(Data extracted from a collection)
_ _ _

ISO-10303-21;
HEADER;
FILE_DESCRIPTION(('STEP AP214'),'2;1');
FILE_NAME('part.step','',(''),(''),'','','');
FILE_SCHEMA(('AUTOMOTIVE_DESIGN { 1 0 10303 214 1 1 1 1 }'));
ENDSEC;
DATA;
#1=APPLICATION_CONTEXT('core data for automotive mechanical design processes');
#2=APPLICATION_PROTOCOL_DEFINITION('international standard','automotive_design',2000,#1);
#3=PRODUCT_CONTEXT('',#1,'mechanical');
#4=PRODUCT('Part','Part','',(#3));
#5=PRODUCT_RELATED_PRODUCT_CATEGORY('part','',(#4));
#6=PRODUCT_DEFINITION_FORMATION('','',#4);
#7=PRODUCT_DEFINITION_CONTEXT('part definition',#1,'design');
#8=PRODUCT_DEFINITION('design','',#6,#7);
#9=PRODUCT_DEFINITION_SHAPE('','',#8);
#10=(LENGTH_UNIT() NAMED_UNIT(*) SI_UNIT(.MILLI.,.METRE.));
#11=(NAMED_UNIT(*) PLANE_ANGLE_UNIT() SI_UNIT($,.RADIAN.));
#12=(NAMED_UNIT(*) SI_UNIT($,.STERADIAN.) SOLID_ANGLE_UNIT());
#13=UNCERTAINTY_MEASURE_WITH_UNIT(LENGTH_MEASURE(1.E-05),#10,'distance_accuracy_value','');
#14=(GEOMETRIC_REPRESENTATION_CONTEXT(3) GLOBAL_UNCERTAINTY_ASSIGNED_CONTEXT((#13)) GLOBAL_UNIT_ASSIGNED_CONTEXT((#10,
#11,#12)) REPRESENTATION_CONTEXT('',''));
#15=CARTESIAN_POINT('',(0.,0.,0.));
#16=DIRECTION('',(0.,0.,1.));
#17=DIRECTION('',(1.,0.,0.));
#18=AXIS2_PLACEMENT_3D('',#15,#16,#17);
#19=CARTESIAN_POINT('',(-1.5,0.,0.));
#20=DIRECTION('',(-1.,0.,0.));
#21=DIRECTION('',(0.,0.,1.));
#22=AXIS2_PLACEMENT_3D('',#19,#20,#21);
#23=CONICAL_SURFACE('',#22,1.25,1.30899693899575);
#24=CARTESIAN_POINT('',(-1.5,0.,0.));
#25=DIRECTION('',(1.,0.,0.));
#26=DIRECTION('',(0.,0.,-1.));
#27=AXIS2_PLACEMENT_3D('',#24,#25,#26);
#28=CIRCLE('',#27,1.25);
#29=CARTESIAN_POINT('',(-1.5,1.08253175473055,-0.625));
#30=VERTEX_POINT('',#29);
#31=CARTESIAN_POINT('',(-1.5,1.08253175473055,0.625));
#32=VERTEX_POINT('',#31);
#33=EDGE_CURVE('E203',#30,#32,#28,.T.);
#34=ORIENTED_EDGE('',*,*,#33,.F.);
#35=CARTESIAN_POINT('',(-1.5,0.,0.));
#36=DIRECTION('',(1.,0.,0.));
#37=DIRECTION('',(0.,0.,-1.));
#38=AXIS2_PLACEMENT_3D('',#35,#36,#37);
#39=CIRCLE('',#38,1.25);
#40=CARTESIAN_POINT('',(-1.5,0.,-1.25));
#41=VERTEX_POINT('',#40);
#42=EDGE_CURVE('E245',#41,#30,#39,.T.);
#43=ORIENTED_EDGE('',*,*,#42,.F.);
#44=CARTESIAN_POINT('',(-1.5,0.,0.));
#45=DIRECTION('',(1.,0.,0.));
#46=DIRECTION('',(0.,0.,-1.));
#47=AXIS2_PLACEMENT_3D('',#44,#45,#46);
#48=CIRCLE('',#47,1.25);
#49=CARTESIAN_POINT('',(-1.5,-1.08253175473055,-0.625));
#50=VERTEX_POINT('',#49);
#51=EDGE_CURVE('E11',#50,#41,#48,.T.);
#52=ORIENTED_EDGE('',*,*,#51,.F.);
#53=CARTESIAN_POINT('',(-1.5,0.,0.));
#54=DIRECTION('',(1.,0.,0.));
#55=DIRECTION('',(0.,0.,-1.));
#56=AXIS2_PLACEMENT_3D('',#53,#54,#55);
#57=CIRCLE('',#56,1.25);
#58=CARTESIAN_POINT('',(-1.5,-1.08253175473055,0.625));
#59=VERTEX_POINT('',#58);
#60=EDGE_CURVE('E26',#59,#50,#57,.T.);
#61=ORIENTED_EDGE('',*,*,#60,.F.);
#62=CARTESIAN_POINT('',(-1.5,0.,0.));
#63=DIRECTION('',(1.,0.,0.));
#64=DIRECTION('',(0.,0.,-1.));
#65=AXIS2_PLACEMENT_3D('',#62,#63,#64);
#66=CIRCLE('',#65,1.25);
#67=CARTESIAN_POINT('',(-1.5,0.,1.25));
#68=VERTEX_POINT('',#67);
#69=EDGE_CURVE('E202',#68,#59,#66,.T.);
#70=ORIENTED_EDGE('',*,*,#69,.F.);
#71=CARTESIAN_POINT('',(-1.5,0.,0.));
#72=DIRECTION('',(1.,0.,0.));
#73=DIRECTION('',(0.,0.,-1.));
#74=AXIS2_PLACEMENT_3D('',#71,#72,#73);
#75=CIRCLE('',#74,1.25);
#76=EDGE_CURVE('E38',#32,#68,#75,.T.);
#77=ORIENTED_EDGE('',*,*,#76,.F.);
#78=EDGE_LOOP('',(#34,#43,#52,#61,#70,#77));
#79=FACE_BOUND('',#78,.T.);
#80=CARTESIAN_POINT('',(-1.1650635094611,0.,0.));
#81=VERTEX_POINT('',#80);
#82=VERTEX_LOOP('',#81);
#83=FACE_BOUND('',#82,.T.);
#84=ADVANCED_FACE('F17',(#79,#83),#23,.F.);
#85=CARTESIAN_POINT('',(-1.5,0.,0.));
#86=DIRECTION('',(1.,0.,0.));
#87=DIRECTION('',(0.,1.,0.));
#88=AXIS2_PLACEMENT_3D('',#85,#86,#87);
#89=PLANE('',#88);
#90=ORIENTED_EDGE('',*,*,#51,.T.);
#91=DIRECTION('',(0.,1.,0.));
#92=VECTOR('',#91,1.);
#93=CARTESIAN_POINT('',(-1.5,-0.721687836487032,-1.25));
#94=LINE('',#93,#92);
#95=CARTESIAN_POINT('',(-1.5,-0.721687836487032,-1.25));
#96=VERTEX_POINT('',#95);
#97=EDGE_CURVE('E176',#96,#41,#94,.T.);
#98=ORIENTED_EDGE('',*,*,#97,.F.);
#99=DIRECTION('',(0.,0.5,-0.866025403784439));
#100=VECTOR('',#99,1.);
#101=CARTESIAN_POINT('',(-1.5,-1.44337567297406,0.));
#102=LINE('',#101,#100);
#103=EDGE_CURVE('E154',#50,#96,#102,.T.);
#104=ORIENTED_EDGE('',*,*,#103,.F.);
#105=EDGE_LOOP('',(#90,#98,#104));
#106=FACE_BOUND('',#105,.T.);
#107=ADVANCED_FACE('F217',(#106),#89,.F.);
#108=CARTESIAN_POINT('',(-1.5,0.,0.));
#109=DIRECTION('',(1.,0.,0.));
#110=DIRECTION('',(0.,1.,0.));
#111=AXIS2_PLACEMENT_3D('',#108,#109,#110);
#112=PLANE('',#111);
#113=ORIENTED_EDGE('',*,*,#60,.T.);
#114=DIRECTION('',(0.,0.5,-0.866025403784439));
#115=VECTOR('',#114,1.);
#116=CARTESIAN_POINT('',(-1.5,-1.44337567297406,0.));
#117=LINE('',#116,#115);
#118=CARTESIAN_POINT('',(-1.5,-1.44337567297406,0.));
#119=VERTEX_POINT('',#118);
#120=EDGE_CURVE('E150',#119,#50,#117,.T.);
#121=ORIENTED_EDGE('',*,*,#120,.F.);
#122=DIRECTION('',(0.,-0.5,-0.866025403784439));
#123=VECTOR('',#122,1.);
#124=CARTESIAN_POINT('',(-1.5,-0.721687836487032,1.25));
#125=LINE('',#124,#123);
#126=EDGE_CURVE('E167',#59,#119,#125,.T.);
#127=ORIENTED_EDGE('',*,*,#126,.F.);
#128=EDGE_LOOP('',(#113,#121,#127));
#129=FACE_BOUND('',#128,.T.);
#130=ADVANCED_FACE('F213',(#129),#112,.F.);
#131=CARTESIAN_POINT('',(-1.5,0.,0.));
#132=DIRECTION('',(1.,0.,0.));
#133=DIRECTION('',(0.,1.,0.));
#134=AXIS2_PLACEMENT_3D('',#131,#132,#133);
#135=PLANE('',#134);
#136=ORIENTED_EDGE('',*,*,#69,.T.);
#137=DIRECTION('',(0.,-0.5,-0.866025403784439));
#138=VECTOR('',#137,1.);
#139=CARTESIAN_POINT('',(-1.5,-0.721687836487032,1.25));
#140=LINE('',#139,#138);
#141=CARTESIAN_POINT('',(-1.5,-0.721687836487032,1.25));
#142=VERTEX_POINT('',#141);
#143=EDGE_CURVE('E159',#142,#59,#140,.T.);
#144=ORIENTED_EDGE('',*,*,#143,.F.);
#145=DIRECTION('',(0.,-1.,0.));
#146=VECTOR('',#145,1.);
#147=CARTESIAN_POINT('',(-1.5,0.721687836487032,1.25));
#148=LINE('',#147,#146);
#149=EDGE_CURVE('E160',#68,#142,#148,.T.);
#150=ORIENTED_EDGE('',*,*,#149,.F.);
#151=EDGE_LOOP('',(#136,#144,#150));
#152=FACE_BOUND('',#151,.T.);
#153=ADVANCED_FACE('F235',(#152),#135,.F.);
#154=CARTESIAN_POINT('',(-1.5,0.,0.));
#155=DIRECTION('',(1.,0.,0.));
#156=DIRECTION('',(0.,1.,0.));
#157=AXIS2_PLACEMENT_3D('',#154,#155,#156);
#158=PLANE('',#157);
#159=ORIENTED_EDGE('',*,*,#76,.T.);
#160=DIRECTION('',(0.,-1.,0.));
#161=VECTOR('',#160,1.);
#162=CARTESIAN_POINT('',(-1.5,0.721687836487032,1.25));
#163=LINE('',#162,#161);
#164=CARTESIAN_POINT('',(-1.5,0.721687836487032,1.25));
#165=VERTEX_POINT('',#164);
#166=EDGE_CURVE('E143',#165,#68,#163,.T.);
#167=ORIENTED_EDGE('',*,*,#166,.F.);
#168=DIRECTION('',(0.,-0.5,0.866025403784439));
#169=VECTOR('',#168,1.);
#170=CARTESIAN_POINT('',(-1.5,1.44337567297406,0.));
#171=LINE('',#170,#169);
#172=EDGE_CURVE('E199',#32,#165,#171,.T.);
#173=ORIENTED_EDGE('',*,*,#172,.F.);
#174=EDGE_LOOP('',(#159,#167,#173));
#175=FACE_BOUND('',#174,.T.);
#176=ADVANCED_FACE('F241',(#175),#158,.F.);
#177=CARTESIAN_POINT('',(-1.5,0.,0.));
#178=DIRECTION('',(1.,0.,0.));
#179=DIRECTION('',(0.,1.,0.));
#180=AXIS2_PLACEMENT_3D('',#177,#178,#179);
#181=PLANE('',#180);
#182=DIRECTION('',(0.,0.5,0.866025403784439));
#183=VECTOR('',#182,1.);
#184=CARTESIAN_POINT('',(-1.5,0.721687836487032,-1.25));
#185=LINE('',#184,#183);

_ _ _

— Problem to work on —
Could you copy exactly the lines from the first line of the records above through the line containing "#41=VERTEX_POINT('',#40);", both included, and nothing else?

— Result of this task —
ISO-10303-21;
HEADER;
FILE_DESCRIPTION(('STEP AP214'),'2;1');
FILE_NAME('part.step','',(''),(''),'','','');
FILE_SCHEMA(('AUTOMOTIVE_DESIGN { 1 0 10303 214 1 1 1 1 }'));
ENDSEC;
DATA;
#1=APPLICATION_CONTEXT('core data for automotive mechanical design processes');
#2=APPLICATION_PROTOCOL_DEFINITION('international standard','automotive_design',2000,#1);
#3=PRODUCT_CONTEXT('',#1,'mechanical');
#4=PRODUCT('Part','Part','',(#3));
#5=PRODUCT_RELATED_PRODUCT_CATEGORY('part','',(#4));
#6=PRODUCT_DEFINITION_FORMATION('','',#4);
#7=PRODUCT_DEFINITION_CONTEXT('part definition',#1,'design');
#8=PRODUCT_DEFINITION('design','',#6,#7);
#9=PRODUCT_DEFINITION_SHAPE('','',#8);
#10=(LENGTH_UNIT() NAMED_UNIT(*) SI_UNIT(.MILLI.,.METRE.));
#11=(NAMED_UNIT(*) PLANE_ANGLE_UNIT() SI_UNIT($,.RADIAN.));
#12=(NAMED_UNIT(*) SI_UNIT($,.STERADIAN.) SOLID_ANGLE_UNIT());
#13=UNCERTAINTY_MEASURE_WITH_UNIT(LENGTH_MEASURE(1.E-05),#10,'distance_accuracy_value','');
#14=(GEOMETRIC_REPRESENTATION_CONTEXT(3) GLOBAL_UNCERTAINTY_ASSIGNED_CONTEXT((#13)) GLOBAL_UNIT_ASSIGNED_CONTEXT((#10,
#11,#12)) REPRESENTATION_CONTEXT('',''));
#15=CARTESIAN_POINT('',(0.,0.,0.));
#16=DIRECTION('',(0.,0.,1.));
#17=DIRECTION('',(1.,0.,0.));
#18=AXIS2_PLACEMENT_3D('',#15,#16,#17);
#19=CARTESIAN_POINT('',(-1.5,0.,0.));
#20=DIRECTION('',(-1.,0.,0.));
#21=DIRECTION('',(0.,0.,1.));
#22=AXIS2_PLACEMENT_3D('',#19,#20,#21);
#23=CONICAL_SURFACE('',#22,1.25,1.30899693899575);
#24=CARTESIAN_POINT('',(-1.5,0.,0.));
#25=DIRECTION('',(1.,0.,0.));
#26=DIRECTION('',(0.,0.,-1.));
#27=AXIS2_PLACEMENT_3D('',#24,#25,#26);
#28=CIRCLE('',#27,1.25);
#29=CARTESIAN_POINT('',(-1.5,1.08253175473055,-0.625));
#30=VERTEX_POINT('',#29);
#31=CARTESIAN_POINT('',(-1.5,1.08253175473055,0.625));
#32=VERTEX_POINT('',#31);
#33=EDGE_CURVE('E203',#30,#32,#28,.T.);
#34=ORIENTED_EDGE('',*,*,#33,.F.);
#35=CARTESIAN_POINT('',(-1.5,0.,0.));
#36=DIRECTION('',(1.,0.,0.));
#37=DIRECTION('',(0.,0.,-1.));
#38=AXIS2_PLACEMENT_3D('',#35,#36,#37);
#39=CIRCLE('',#38,1.25);
#40=CARTESIAN_POINT('',(-1.5,0.,-1.25));
#41=VERTEX_POINT('',#40);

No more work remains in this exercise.